2025 was the year space agencies stopped merely talking about “the decade of exploration” and, quietly, just got on with it.
This year's launch calendar
looked less like a neat spreadsheet and more like controlled chaos - in the best way. PRC sent off Tianwen-2,a daring asteroid and comet sample-return mission targeting the tiny near-Earth object Kamo'oalewa, aiming to land,drill, grab rock and then haul the loot back home,a world-first profile for such a small body.
This close-up illustration shows what one of the twin ESCAPADE spacecraft will look like conducting its science operations.
Credit: James Rattray/Rocket Lab USA/Goddard Space Flight Center
NASA, meanwhile, pushed ahead on several fronts: twin ESCAPADE orbiters were lined up to study how the solar wind strips Mars’ atmosphere, while new science missions like TRACERS and others focused on Earth's magnetic field and space weather, the unglamorous but vital guardians of our power grids and satellites.

NVS‑02 and EOS‑09, ISRO
(@r/India defense)
India had a packed slate too. ISRO flew navigation and Earth-observation satellites such as NVS-02 and EOS-09, strengthened its commercial launch profile with LVM3 missions, and rolled out fresh data from solar observatory Aditya-L1, bolstering India’s credentials in heliophysics.

ISRO’S SPADEX Mission
The year also saw big steps toward human spaceflight: uncrewed Gaganyaan test hardware moved into place at Sriharikota, with docking experiments like SPADEX and other technology demonstrators proving critical systems in orbit.
Lunar exploration in 2025

NASA’s Commercial Lunar Payload Services (CLPS) initiative
((@Credit: NASA)
It felt less like a sequel and more like a spin-off universe. Under NASA’s Commercial Lunar Payload Services (CLPS) initiative, private players flew landers such as Firefly Aerospace’s Blue Ghost Mission 1, delivering science instruments and commercial payloads to Mare Crisium and returning an impressive haul of images and environmental data. These missions aren’t just flag-planting exercises; they’re testing communications, landing tech and resource-prospecting tools that future astronauts will rely on when extended lunar stays stop being science fiction and become just another rota in the schedule.

(Credit:Artemis NASA)
In parallel, Artemis kept inching toward its big moment. Hardware and procedures for Artemis II - the first crewed lunar flyby since Apollo - went through 2025 reviews and rehearsals, with NASA setting its sights on an early-2026 launch window to send four astronauts on a roughly ten-day loop around the Moon. It’s essentially a stress test for the Space Launch System rocket, Orion capsule, life-support and navigation architectures, a final “are we sure?” before later missions attempt surface landings.

Orion Spacecraft
2026: Buckle Up
If 2025 was frenetic, 2026 looks like the year the tempo actually steps up. On the human spaceflight side, Artemis II is expected to finally leave the pad, carrying its crew on that long-anticipated circumlunar cruise - no landing, but a huge psychological leap in returning people to deep space. PRC plans to dispatch Chang-e-7 toward the Moon’s south pole, hunting for water ice and mapping terrain for future resource utilisation, part of a larger push to turn that region into a hub for sustained activity.

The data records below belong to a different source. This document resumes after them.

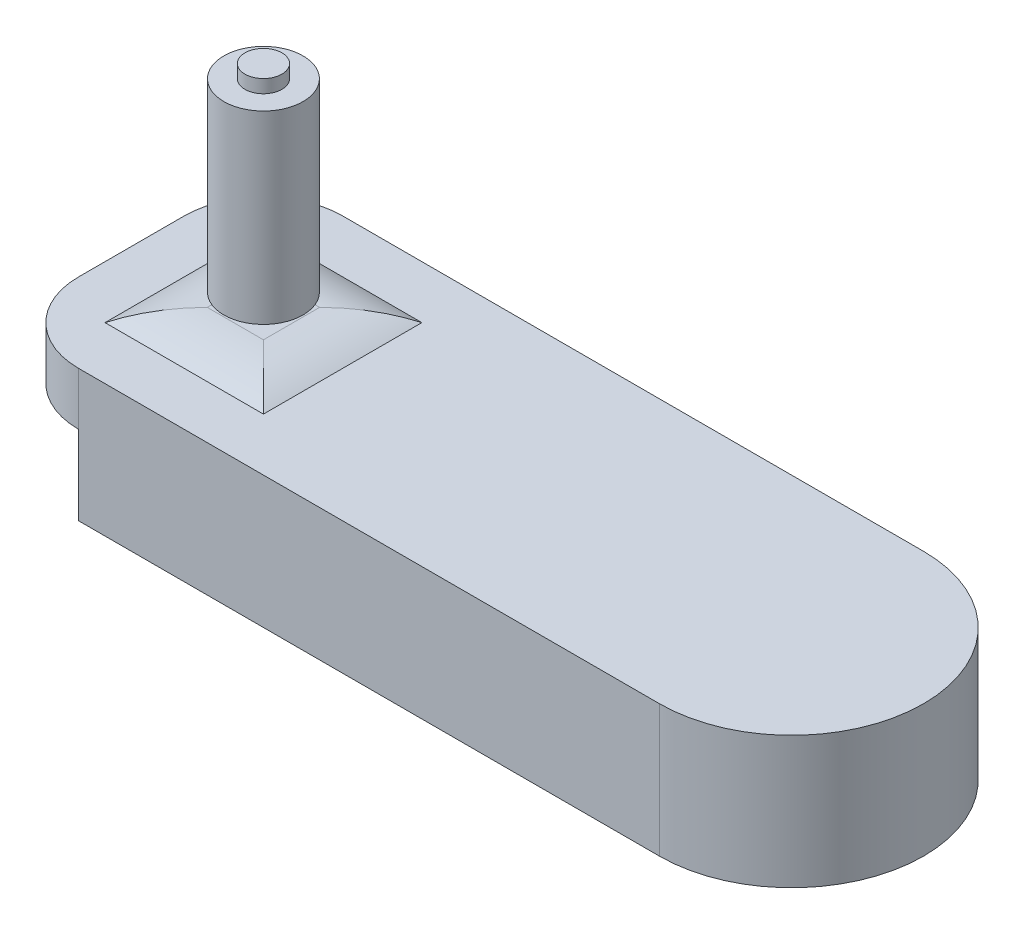
from build123d import *

# Parameters (mm, degrees)
SKETCH1_W           = 381
SKETCH1_H           = 127
BOSS_EXTRUDE1_DEPTH = 25.4
FILLET1_R           = 63.5
FILLET2_R           = 38.1
BOSS_EXTRUDE2_DEPTH = 25.4
BOSS_EXTRUDE3_DEPTH = 12.7
SKETCH4_W           = 76.2
SKETCH4_H           = 76.2
BOSS_EXTRUDE4_DEPTH = 6.35
FILLET3_R           = 50.8
SKETCH5_R           = 8.89
BOSS_EXTRUDE5_DEPTH = 6.35
SKETCH6_R           = 19.05
BOSS_EXTRUDE6_DEPTH = 88.9
CUT_EXTRUDE1_DEPTH  = 88.9
SKETCH8_R           = 8.89
BOSS_EXTRUDE7_DEPTH = 6.35
CUT_EXTRUDE2_START  = -12.7
CUT_EXTRUDE2_DEPTH  = 12.7
SKETCH10_R          = 5.08
CUT_EXTRUDE3_DEPTH  = 95.25


# Some blends are built 0.0001 mm under size
with BuildPart() as part:
    # Sketch1 → Boss-Extrude1 (new body)
    with BuildSketch(Plane(origin=(0, 0, 0), x_dir=(1, 0, 0), z_dir=(0, 1, 0))):
        with Locations((-190.5, -63.5)):
            Rectangle(SKETCH1_W, SKETCH1_H)
    extrude(amount=BOSS_EXTRUDE1_DEPTH)

    # Fillet1
    fillet1_edges = [part.edges().sort_by_distance(p)[0] for p in [
        (0, 12.7, 0),
        (0, 12.7, 127),
    ]]
    fillet(fillet1_edges, radius=FILLET1_R - 0.0001)  # a hair under: the kernel refuses the full size

    # Fillet2
    fillet2_edges = [part.edges().sort_by_distance(p)[0] for p in [
        (-381, 12.7, 127),
        (-381, 12.7, 0),
    ]]
    fillet(fillet2_edges, radius=FILLET2_R)

    # Sketch2 → Boss-Extrude2 (add)
    with BuildSketch(Plane(origin=(0, 0, 0), x_dir=(1, 0, 0), z_dir=(0, 1, 0))):
        with BuildLine():
            Line((-63.5, -12.7), (-342.9, -11.159231637))
            Line((-342.9, -11.159231637), (-342.9, 0))
            Line((-342.9, 0), (-63.5, 0))
            ThreePointArc((-63.5, 0), (0, -63.5), (-63.5, -127))
            Line((-63.5, -127), (-342.9, -127))
            Line((-342.9, -127), (-342.9, -114.3))
            Line((-342.9, -114.3), (-63.5, -114.3))
            ThreePointArc((-63.5, -114.3), (-12.7, -63.5), (-63.5, -12.7))
        make_face()
    extrude(amount=-BOSS_EXTRUDE2_DEPTH)

    # Sketch3 → Boss-Extrude3 (add)
    with BuildSketch(Plane(origin=(0, -25.4, 0), x_dir=(1, 0, 0), z_dir=(0, 1, 0))):
        with BuildLine():
            Line((-342.9, -127), (-342.9, -82.55))
            Line((-342.9, -82.55), (-63.5, -82.55))
            ThreePointArc((-63.5, -82.55), (-44.45, -63.5), (-63.5, -44.45))
            Line((-63.5, -44.45), (-342.9, -44.45))
            Line((-342.9, -44.45), (-342.9, 0))
            Line((-342.9, 0), (-63.5, 0))
            ThreePointArc((-63.5, 0), (0, -63.5), (-63.5, -127))
            Line((-63.5, -127), (-342.9, -127))
        make_face()
    extrude(amount=-BOSS_EXTRUDE3_DEPTH)

    # Sketch4 → Boss-Extrude4 (add)
    with BuildSketch(Plane(origin=(0, 25.4, 0), x_dir=(1, 0, 0), z_dir=(0, 1, 0))):
        with Locations((-317.5, -63.5)):
            Rectangle(SKETCH4_W, SKETCH4_H)
    extrude(amount=BOSS_EXTRUDE4_DEPTH)

    # Fillet3
    # the kernel refuses this fillet: 50.8 mm, written as the material it takes off along each edge
    with BuildSketch(Plane(origin=(-279.4, 31.75, 163.083610621), x_dir=(0, -1, 0), z_dir=(0, 0, -1)), Plane(origin=(-417.083610621, 31.75, 101.6), x_dir=(0, -1, 0), z_dir=(1, 0, 0)), Plane(origin=(-355.6, 31.75, -36.083610621), x_dir=(0, -1, 0), z_dir=(0, 0, 1)), Plane(origin=(-217.916389379, 31.75, 25.4), x_dir=(0, -1, 0), z_dir=(-1, 0, 0))) as fillet3_piece_1:
        with BuildLine():
            CenterArc((50.8, 24.593444248), FILLET3_R, 180, 28.955024372)
            Line((0, 24.593444248), (-1.016, 24.593444248))
            Line((-1.016, 24.593444248), (-1.016, 0))
            Line((-1.016, 0), (0, -1.016))
            ThreePointArc((0, -1.016), (3.175, -1.016), (5.461, -0.491868885))
            Line((5.461, -0.491868885), (6.35, 0))
        make_face()
    extrude(amount=199.167221242, mode=Mode.SUBTRACT)

    # Sketch5 → Boss-Extrude5 (add)
    with BuildSketch(Plane(origin=(0, 31.75, 0), x_dir=(1, 0, 0), z_dir=(0, 1, 0))):
        with Locations(Location((-317.5, -63.5, 0), (0, 0, 90))):
            Circle(SKETCH5_R)
    extrude(amount=BOSS_EXTRUDE5_DEPTH)

    # Sketch6 → Boss-Extrude6 (add)
    with BuildSketch(Plane(origin=(0, 38.1, 0), x_dir=(1, 0, 0), z_dir=(0, 1, 0))):
        with Locations(Location((-317.5, -63.5, 0), (0, 0, 270))):
            Circle(SKETCH6_R)
    extrude(amount=BOSS_EXTRUDE6_DEPTH)

    # Sketch7 → Cut-Extrude1 (cut)
    with BuildSketch(Plane.XY):
        with BuildLine():
            Line((-336.55, 127), (-336.55, 124.46))
            ThreePointArc((-336.55, 124.46), (-332.607071488, 114.940928512), (-336.55, 105.421857023))
            Line((-336.55, 105.421857023), (-336.55, 105.41))
            Line((-336.55, 105.41), (-336.55, 102.87))
            ThreePointArc((-336.55, 102.87), (-332.607071488, 93.350928512), (-336.55, 83.831857023))
            Line((-336.55, 83.831857023), (-336.55, 83.82))
            Line((-336.55, 83.82), (-336.55, 81.28))
            ThreePointArc((-336.55, 81.28), (-332.607071488, 71.760928512), (-336.55, 62.241857023))
            Line((-336.55, 62.241857023), (-336.55, 62.23))
            Line((-336.55, 62.23), (-336.55, 59.69))
            ThreePointArc((-336.55, 59.69), (-332.607071488, 50.170928512), (-336.55, 40.651857023))
            Line((-336.55, 40.651857023), (-336.55, 40.64))
            Line((-336.55, 40.64), (-368.013875858, 40.64))
            Line((-368.013875858, 40.64), (-368.013875858, 127.710007378))
            Line((-368.013875858, 127.710007378), (-336.55, 127))
        make_face()
    extrude(amount=CUT_EXTRUDE1_DEPTH, mode=Mode.SUBTRACT)

    # Sketch8 → Boss-Extrude7 (add)
    with BuildSketch(Plane(origin=(0, 127, 0), x_dir=(1, 0, 0), z_dir=(0, 1, 0))):
        with Locations(Location((-317.5, -63.5, 0), (0, 0, 90))):
            Circle(SKETCH8_R)
    extrude(amount=BOSS_EXTRUDE7_DEPTH)

    # Sketch9 → Cut-Extrude2 (cut)
    with BuildSketch(Plane.XZ.offset(CUT_EXTRUDE2_START)):
        with BuildLine():
            Line((-342.9, 82.55), (-63.5, 82.55))
            ThreePointArc((-63.5, 82.55), (-44.45, 63.5), (-63.5, 44.45))
            Line((-63.5, 44.45), (-342.9, 44.45))
            Line((-342.9, 44.45), (-342.9, 82.55))
        make_face()
    extrude(amount=CUT_EXTRUDE2_DEPTH, mode=Mode.SUBTRACT)

    # Sketch10 → Cut-Extrude3 (cut)
    with BuildSketch(Plane.XZ.offset(-12.7)):
        with Locations(Location((-317.5, 63.5, 0), (0, 0, 270))):
            Circle(SKETCH10_R)
    extrude(amount=-CUT_EXTRUDE3_DEPTH, mode=Mode.SUBTRACT)


solid = part.part
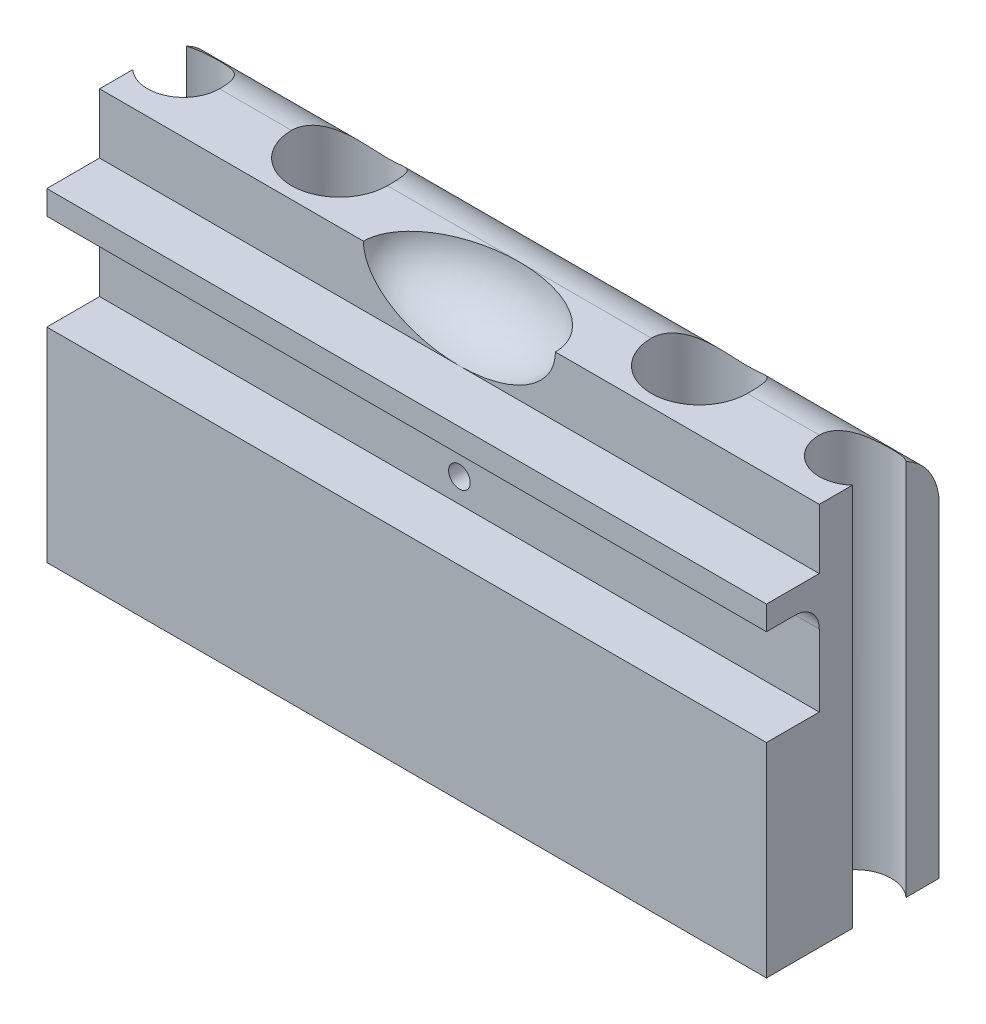
from build123d import *

# Parameters (mm, degrees)
SKETCH2_W           = 18.288
SKETCH2_H           = 40.64
BOSS_EXTRUDE1_DEPTH = 76.2
CUT_EXTRUDE1_REACH  = 90.275
SKETCH3_W           = 5.588
SKETCH3_H           = 6.35
SKETCH3_H_2         = 10.16
CUT_EXTRUDE2_REACH  = 89.289
SKETCH4_R           = 1.143
CUT_EXTRUDE3_REACH  = 90.275
SKETCH5_R           = 2.032
SKETCH6_R           = 5.08
CUT_EXTRUDE4_DEPTH  = 15.24
FILLET1_R           = 6.35
FILLET2_R           = 2.54
SKETCH7_R           = 3.81
CUT_EXTRUDE5_DEPTH  = 89.275141297


with BuildPart() as part:
    # Sketch2 → Boss-Extrude1 (new body)
    with BuildSketch(Plane(origin=(0, 0, 0), x_dir=(0, 0, -1), z_dir=(1, 0, 0))):
        with Locations((9.144, 20.32)):
            Rectangle(SKETCH2_W, SKETCH2_H)
    extrude(amount=BOSS_EXTRUDE1_DEPTH)

    # Sketch3 → Cut-Extrude1 (cut, up to next)
    with BuildSketch(Plane.ZY, mode=Mode.PRIVATE) as cut_extrude1_sk1:
        with Locations((-2.794, 37.465)):
            Rectangle(SKETCH3_W, SKETCH3_H)
    cut_extrude1_tool1 = extrude(cut_extrude1_sk1.sketch, amount=-CUT_EXTRUDE1_REACH, mode=Mode.PRIVATE) & part.part
    # Sketch3 → Cut-Extrude1 (cut, up to next)
    with BuildSketch(Plane.ZY, mode=Mode.PRIVATE) as cut_extrude1_sk2:
        with Locations((-2.794, 26.67)):
            Rectangle(SKETCH3_W, SKETCH3_H_2)
    cut_extrude1_tool2 = extrude(cut_extrude1_sk2.sketch, amount=-CUT_EXTRUDE1_REACH, mode=Mode.PRIVATE) & part.part
    add(cut_extrude1_tool1.solids().sort_by_distance((0, 37.465, -2.794))[0], mode=Mode.SUBTRACT)
    add(cut_extrude1_tool2.solids().sort_by_distance((0, 26.67, -2.794))[0], mode=Mode.SUBTRACT)

    # Sketch4 → Cut-Extrude2 (cut, up to next)
    with BuildSketch(Plane.XY.offset(-5.588), mode=Mode.PRIVATE) as cut_extrude2_sk1:
        with Locations((38.1, 24.13)):
            Circle(SKETCH4_R)
    cut_extrude2_tool1 = extrude(cut_extrude2_sk1.sketch, amount=-CUT_EXTRUDE2_REACH, mode=Mode.PRIVATE) & part.part
    add(cut_extrude2_tool1.solids().sort_by_distance((38.1, 24.13, -5.588))[0], mode=Mode.SUBTRACT)

    # Sketch5 → Cut-Extrude3 (cut, up to next)
    with BuildSketch(Plane(origin=(0, 40.64, 0), x_dir=(1, 0, 0), z_dir=(0, 1, 0)), mode=Mode.PRIVATE) as cut_extrude3_sk1:
        with Locations(Location((57.15, 11.938, 0), (0, 0, 270))):
            Circle(SKETCH5_R)
    cut_extrude3_tool1 = extrude(cut_extrude3_sk1.sketch, amount=-CUT_EXTRUDE3_REACH, mode=Mode.PRIVATE) & part.part
    # Sketch5 → Cut-Extrude3 (cut, up to next)
    with BuildSketch(Plane(origin=(0, 40.64, 0), x_dir=(1, 0, 0), z_dir=(0, 1, 0)), mode=Mode.PRIVATE) as cut_extrude3_sk2:
        with Locations(Location((19.05, 11.938, 0), (0, 0, 270))):
            Circle(SKETCH5_R)
    cut_extrude3_tool2 = extrude(cut_extrude3_sk2.sketch, amount=-CUT_EXTRUDE3_REACH, mode=Mode.PRIVATE) & part.part
    add(cut_extrude3_tool1.solids().sort_by_distance((57.15, 40.64, -11.938))[0], mode=Mode.SUBTRACT)
    add(cut_extrude3_tool2.solids().sort_by_distance((19.05, 40.64, -11.938))[0], mode=Mode.SUBTRACT)

    # Sketch6 → Cut-Extrude4 (cut)
    with BuildSketch(Plane(origin=(0, 40.64, 0), x_dir=(1, 0, 0), z_dir=(0, 1, 0))):
        with Locations(Location((19.05, 11.938, 0), (0, 0, 270))):
            Circle(SKETCH6_R)
        with Locations(Location((57.15, 11.938, 0), (0, 0, 270))):
            Circle(SKETCH6_R)
    extrude(amount=-CUT_EXTRUDE4_DEPTH, mode=Mode.SUBTRACT)

    # Fillet1
    # the kernel refuses this fillet: 6.35 mm, written as the material it takes off along each edge
    with BuildSketch(Plane(origin=(-15.875, 40.64, -18.288), x_dir=(0, -1, 0), z_dir=(1, 0, 0))) as fillet1_piece_1:
        with BuildLine():
            CenterArc((FILLET1_R, -FILLET1_R), FILLET1_R, 90, 90)
            Line((0, -FILLET1_R), (0, 0))
            Line((0, 0), (FILLET1_R, 0))
        make_face()
    extrude(amount=107.95, mode=Mode.SUBTRACT)

    # Fillet2
    fillet2_edges = [part.edges().sort_by_distance(p)[0] for p in [
        (38.1, 31.75, -5.588),
    ]]
    fillet(fillet2_edges, radius=FILLET2_R)

    # Sketch7 → Cut-Extrude5 (cut, through all)
    with BuildSketch(Plane.XZ):
        with Locations((2.54, -11.938)):
            Circle(SKETCH7_R)
        with Locations((73.66, -11.938)):
            Circle(SKETCH7_R)
    extrude(amount=-CUT_EXTRUDE5_DEPTH, mode=Mode.SUBTRACT)

    # Sketch8 → Cut-Revolve3 (revolve, cut)
    with BuildSketch(Plane.XY.offset(-5.588)):
        with BuildLine():
            Line((27.94, 40.64), (48.26, 40.64))
            add(Edge.make_bspline(
                [(27.94, 40.64), (27.94, 34.29), (38.1, 34.29), (48.26, 34.29), (48.26, 40.64)],
                knots=[0, 0, 0, 1.570796327, 1.570796327, 3.141592654, 3.141592654, 3.141592654], degree=2, weights=[1, 0.707106781, 1, 0.707106781, 1]))
        make_face()
    revolve(axis=Axis((76.201, 40.64, -5.588), (-1, 0, 0)), mode=Mode.SUBTRACT)


solid = part.part
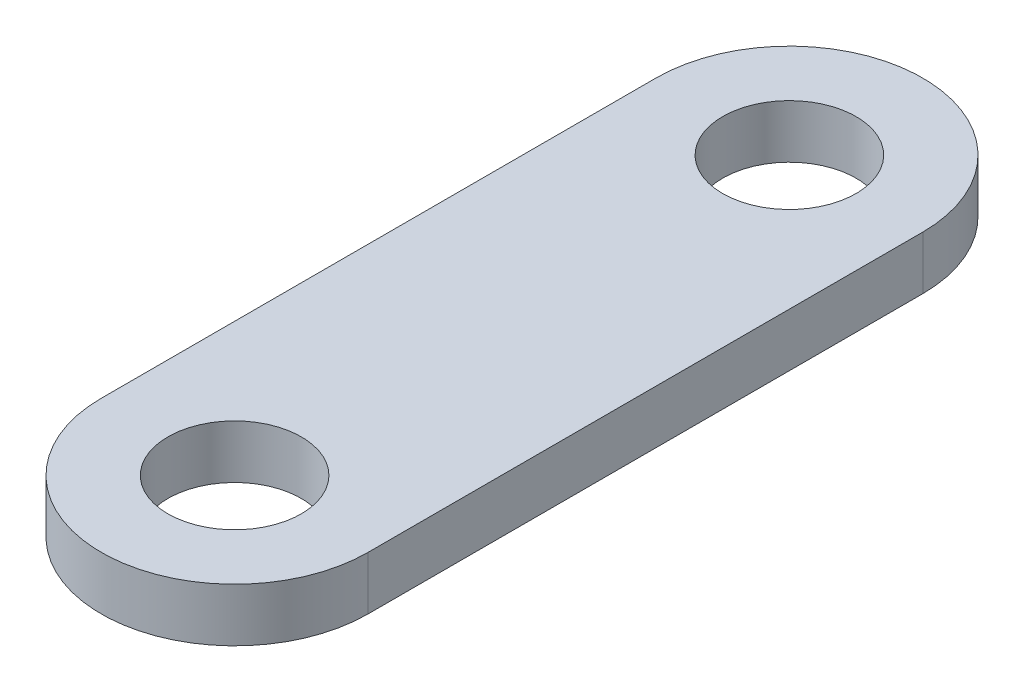
from build123d import *

# Parameters (mm, degrees)
SKETCH1_R          = 2.5
BASE_FLANGE1_DEPTH = 2


# Sheet-metal steps are written as plain solids
with BuildPart() as part:
    # Sketch1 → Base-Flange1 (new body)
    with BuildSketch(Plane(origin=(0, 0, 0), x_dir=(1, 0, 0), z_dir=(0, 1, 0))):
        with BuildLine():
            Line((5, -10.395), (5, 10.395))
            ThreePointArc((5, 10.395), (0, 15.395), (-5, 10.395))
            Line((-5, 10.395), (-5, -10.395))
            ThreePointArc((-5, -10.395), (0, -15.395), (5, -10.395))
        make_face()
        with Locations(Location((0, 10.395, 0), (0, 0, 270))):
            Circle(SKETCH1_R, mode=Mode.SUBTRACT)
        with Locations(Location((0, -10.395, 0), (0, 0, 270))):
            Circle(SKETCH1_R, mode=Mode.SUBTRACT)
    extrude(amount=-BASE_FLANGE1_DEPTH)


solid = part.part

First uncrewed Gaganyaan “G1” flight
(Credit: ISRO)
ISRO, for its part, has announced an ambitious plan: seven to nine major missions before March 2026, including the first uncrewed Gaganyaan “G1” flight, additional PSLV and LVM3 launches, a GSLV-F17 mission and technology-development flights like PSLV-N1. Together, these aim to validate crew-safety systems, grow India’s commercial launch portfolio and test next-gen hardware, all aligned with a broader political goal of hitting around 50 launches in five years.

A Starship upper stage on the test stand at the Massey's site at SpaceX's Starbase facility in South Texas.
Commercial players won’t be quiet either: Starship tests, Starlink batches and private lunar or Venus missions are parked across the manifest, giving 2026 a distinctly mixed public–private flavour.

NISAR Space Mission
Data from Earth-observation missions such as NISAR, TRACERS and others is expected to feed into agriculture planning, disaster-response models and climate dashboards, pulling spaceflight out of the realm of pure curiosity and into daily life.
So, as 2025 winds down, the sense isn’t that of a curtain call - it’s more like the lights dimming between acts. The real story, the one 2026 seems eager to tell, is that space is quietly shifting from spectacle to infrastructure, from “mission of the decade” to “what’s on the schedule next quarter?” And honestly, that might be the most exciting plot twist yet.